SD$^2$: Self-Distilled Sparse Drafters
- URL: http://arxiv.org/abs/2504.08838v2
- Date: Sat, 31 May 2025 04:11:05 GMT
- Title: SD$^2$: Self-Distilled Sparse Drafters
- Authors: Mike Lasby, Nish Sinnadurai, Valavan Manohararajah, Sean Lie, Yani Ioannou, Vithursan Thangarasa,
- Abstract summary: We introduce Self-Distilled Sparse Drafters (SD$2$), a novel methodology that leverages self-data distillation and fine-grained weight sparsity to produce efficient draft models.<n>On a Llama-3.1-70B target model, SD$2$ provides a 1.59$times$ higher Mean Accepted Length (MAL) compared to layer-pruned draft models.<n>Our 1.5B and 3B unstructured sparse drafters outperform both dense and layer-pruned models in terms of end-to-end latency improvements.
- Score: 0.8411424745913134
- License: http://creativecommons.org/licenses/by/4.0/
- Abstract: Speculative decoding is a powerful technique for reducing the latency of Large Language Models (LLMs), offering a fault-tolerant framework that enables the use of highly compressed draft models.

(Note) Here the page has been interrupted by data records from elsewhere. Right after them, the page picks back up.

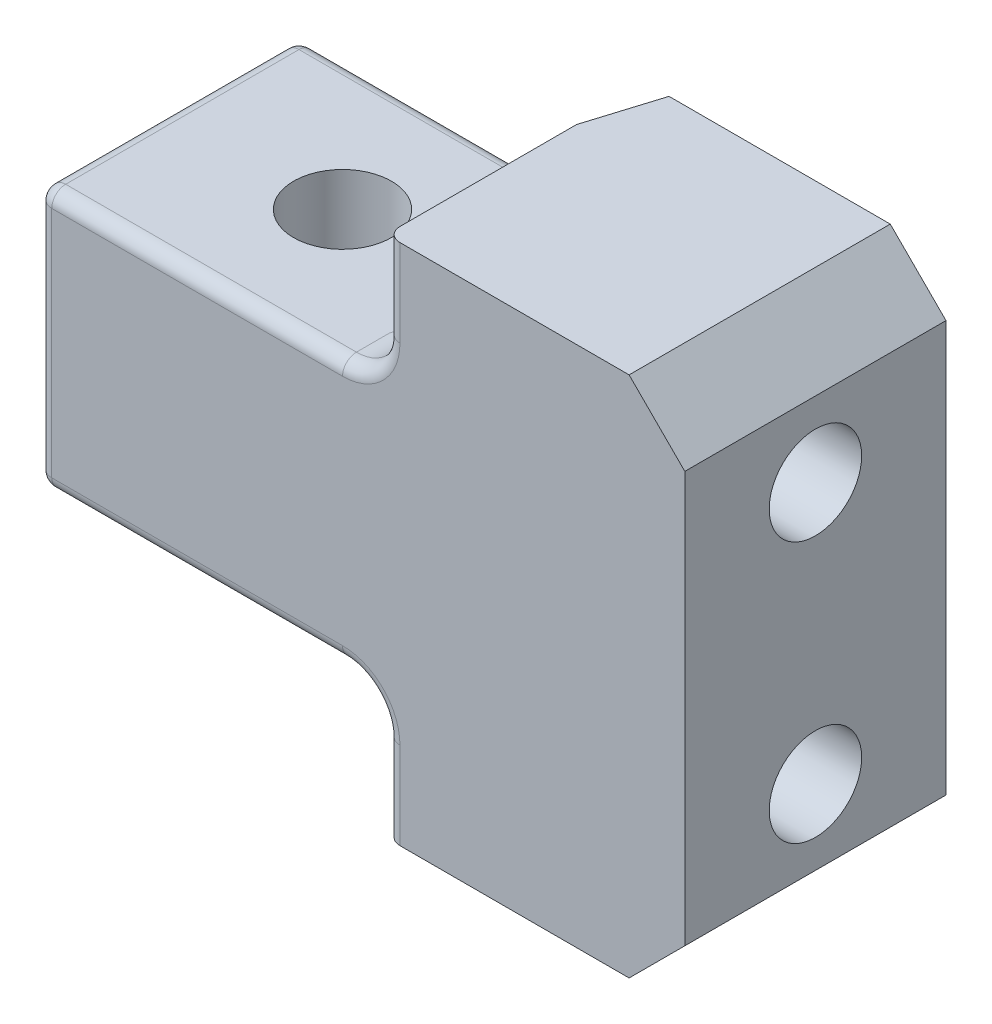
ISO-10303-21;
HEADER;
FILE_DESCRIPTION(('STEP AP214'),'2;1');
FILE_NAME('part.step','',(''),(''),'','','');
FILE_SCHEMA(('AUTOMOTIVE_DESIGN { 1 0 10303 214 1 1 1 1 }'));
ENDSEC;
DATA;
#1=APPLICATION_CONTEXT('core data for automotive mechanical design processes');
#2=APPLICATION_PROTOCOL_DEFINITION('international standard','automotive_design',2000,#1);
#3=PRODUCT_CONTEXT('',#1,'mechanical');
#4=PRODUCT('Part','Part','',(#3));
#5=PRODUCT_RELATED_PRODUCT_CATEGORY('part','',(#4));
#6=PRODUCT_DEFINITION_FORMATION('','',#4);
#7=PRODUCT_DEFINITION_CONTEXT('part definition',#1,'design');
#8=PRODUCT_DEFINITION('design','',#6,#7);
#9=PRODUCT_DEFINITION_SHAPE('','',#8);
#10=(LENGTH_UNIT() NAMED_UNIT(*) SI_UNIT(.MILLI.,.METRE.));
#11=(NAMED_UNIT(*) PLANE_ANGLE_UNIT() SI_UNIT($,.RADIAN.));
#12=(NAMED_UNIT(*) SI_UNIT($,.STERADIAN.) SOLID_ANGLE_UNIT());
#13=UNCERTAINTY_MEASURE_WITH_UNIT(LENGTH_MEASURE(1.E-05),#10,'distance_accuracy_value','');
#14=(GEOMETRIC_REPRESENTATION_CONTEXT(3) GLOBAL_UNCERTAINTY_ASSIGNED_CONTEXT((#13)) GLOBAL_UNIT_ASSIGNED_CONTEXT((#10,
#11,#12)) REPRESENTATION_CONTEXT('',''));
#15=CARTESIAN_POINT('',(0.,0.,0.));
#16=DIRECTION('',(0.,0.,1.));
#17=DIRECTION('',(1.,0.,0.));
#18=AXIS2_PLACEMENT_3D('',#15,#16,#17);
#19=CARTESIAN_POINT('',(22.225,12.7,9.525));
#20=DIRECTION('',(0.,0.,-1.));
#21=DIRECTION('',(-1.,0.,0.));
#22=AXIS2_PLACEMENT_3D('',#19,#20,#21);
#23=CYLINDRICAL_SURFACE('',#22,3.17500000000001);
#24=CARTESIAN_POINT('',(22.225,9.52499999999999,6.10455036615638));
#25=CARTESIAN_POINT('',(22.3009504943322,9.52501417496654,5.85055313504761));
#26=CARTESIAN_POINT('',(22.3769692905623,9.52772596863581,5.59657349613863));
#27=CARTESIAN_POINT('',(22.5292247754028,9.53868207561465,5.08837771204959));
#28=CARTESIAN_POINT('',(22.6054616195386,9.54693480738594,4.8341617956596));
#29=CARTESIAN_POINT('',(22.758072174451,9.56912088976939,4.32576547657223));
#30=CARTESIAN_POINT('',(22.8344459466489,9.58305938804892,4.07158531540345));
#31=CARTESIAN_POINT('',(22.9872470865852,9.61686333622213,3.56353732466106));
#32=CARTESIAN_POINT('',(23.0636744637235,9.63673082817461,3.3096696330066));
#33=CARTESIAN_POINT('',(23.2167945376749,9.68281825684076,2.80154357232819));
#34=CARTESIAN_POINT('',(23.2934871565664,9.70906169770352,2.54728729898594));
#35=CARTESIAN_POINT('',(23.446764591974,9.7683335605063,2.03962494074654));
#36=CARTESIAN_POINT('',(23.5233494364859,9.80135964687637,1.78621859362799));
#37=CARTESIAN_POINT('',(23.6763203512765,9.87484650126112,1.28055130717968));
#38=CARTESIAN_POINT('',(23.7527064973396,9.91530381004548,1.0282898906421));
#39=CARTESIAN_POINT('',(23.9051833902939,10.004555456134,0.525224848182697));
#40=CARTESIAN_POINT('',(23.9812742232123,10.0533471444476,0.274420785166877));
#41=CARTESIAN_POINT('',(24.0974796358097,10.1354579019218,-0.108241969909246));
#42=CARTESIAN_POINT('',(24.1377540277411,10.1653218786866,-0.240797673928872));
#43=CARTESIAN_POINT('',(24.2181444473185,10.2280368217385,-0.505254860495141));
#44=CARTESIAN_POINT('',(24.258260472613,10.2608878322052,-0.637156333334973));
#45=CARTESIAN_POINT('',(24.33828645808,10.3298868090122,-0.900150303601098));
#46=CARTESIAN_POINT('',(24.378196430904,10.3660345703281,-1.03124285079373));
#47=CARTESIAN_POINT('',(24.4577534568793,10.4420220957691,-1.29243482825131));
#48=CARTESIAN_POINT('',(24.4974005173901,10.4818617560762,-1.42253428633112));
#49=CARTESIAN_POINT('',(24.5749277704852,10.5642221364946,-1.67681049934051));
#50=CARTESIAN_POINT('',(24.6128200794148,10.6065941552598,-1.80103151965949));
#51=CARTESIAN_POINT('',(24.6881854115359,10.6958156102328,-2.0479835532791));
#52=CARTESIAN_POINT('',(24.7256584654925,10.742664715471,-2.17071467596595));
#53=CARTESIAN_POINT('',(24.800052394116,10.8416231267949,-2.41425637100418));
#54=CARTESIAN_POINT('',(24.836973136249,10.893733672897,-2.53506648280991));
#55=CARTESIAN_POINT('',(24.9100311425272,11.0042318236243,-2.77401536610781));
#56=CARTESIAN_POINT('',(24.9461686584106,11.0626173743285,-2.8921549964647));
#57=CARTESIAN_POINT('',(25.0028913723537,11.161899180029,-3.07751030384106));
#58=CARTESIAN_POINT('',(25.0238426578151,11.2002907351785,-3.14595553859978));
#59=CARTESIAN_POINT('',(25.0652304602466,11.2802308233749,-3.28112998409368));
#60=CARTESIAN_POINT('',(25.0856670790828,11.3217787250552,-3.34785953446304));
#61=CARTESIAN_POINT('',(25.1258544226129,11.4085078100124,-3.47904679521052));
#62=CARTESIAN_POINT('',(25.145605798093,11.4536854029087,-3.5435066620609));
#63=CARTESIAN_POINT('',(25.1842063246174,11.5483343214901,-3.6694523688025));
#64=CARTESIAN_POINT('',(25.2030559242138,11.5978034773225,-3.73093968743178));
#65=CARTESIAN_POINT('',(25.241952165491,11.7087700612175,-3.85779115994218));
#66=CARTESIAN_POINT('',(25.2618249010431,11.7709922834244,-3.92258432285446));
#67=CARTESIAN_POINT('',(25.2992112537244,11.903395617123,-4.04445203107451));
#68=CARTESIAN_POINT('',(25.3167261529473,11.97357236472,-4.1015307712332));
#69=CARTESIAN_POINT('',(25.3438529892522,12.1029340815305,-4.18991794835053));
#70=CARTESIAN_POINT('',(25.3543233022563,12.159995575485,-4.22402791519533));
#71=CARTESIAN_POINT('',(25.3725125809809,12.278842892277,-4.28327873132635));
#72=CARTESIAN_POINT('',(25.3802434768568,12.3406067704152,-4.30845847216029));
#73=CARTESIAN_POINT('',(25.3906468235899,12.4518468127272,-4.34234059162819));
#74=CARTESIAN_POINT('',(25.3941055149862,12.5004565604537,-4.35360425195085));
#75=CARTESIAN_POINT('',(25.3976163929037,12.5744985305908,-4.36503767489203));
#76=CARTESIAN_POINT('',(25.3985073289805,12.5994869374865,-4.36793902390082));
#77=CARTESIAN_POINT('',(25.3997002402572,12.6496466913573,-4.37182373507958));
#78=CARTESIAN_POINT('',(25.4000017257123,12.6748181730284,-4.3728055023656));
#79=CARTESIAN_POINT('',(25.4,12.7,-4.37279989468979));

In this work, we introduce Self-Distilled Sparse Drafters (SD$^2$), a novel methodology that leverages self-data distillation and fine-grained weight sparsity to produce highly efficient and well-aligned draft models. SD$^2$ systematically enhances draft token acceptance rates while significantly reducing Multiply-Accumulate operations (MACs), even in the Universal Assisted Generation (UAG) setting, where draft and target models originate from different model families. On a Llama-3.1-70B target model, SD$^2$ provides a 1.59$\times$ higher Mean Accepted Length (MAL) compared to layer-pruned draft models and reduces MACs by over 43.87% with a 8.36% reduction in MAL compared to a dense draft models. Our 1.5B and 3B unstructured sparse drafters outperform both dense and layer-pruned models in terms of end-to-end latency improvements; highlighting the potential of sparsity-aware fine-tuning and compression strategies to improve LLM inference efficiency while maintaining alignment with target models.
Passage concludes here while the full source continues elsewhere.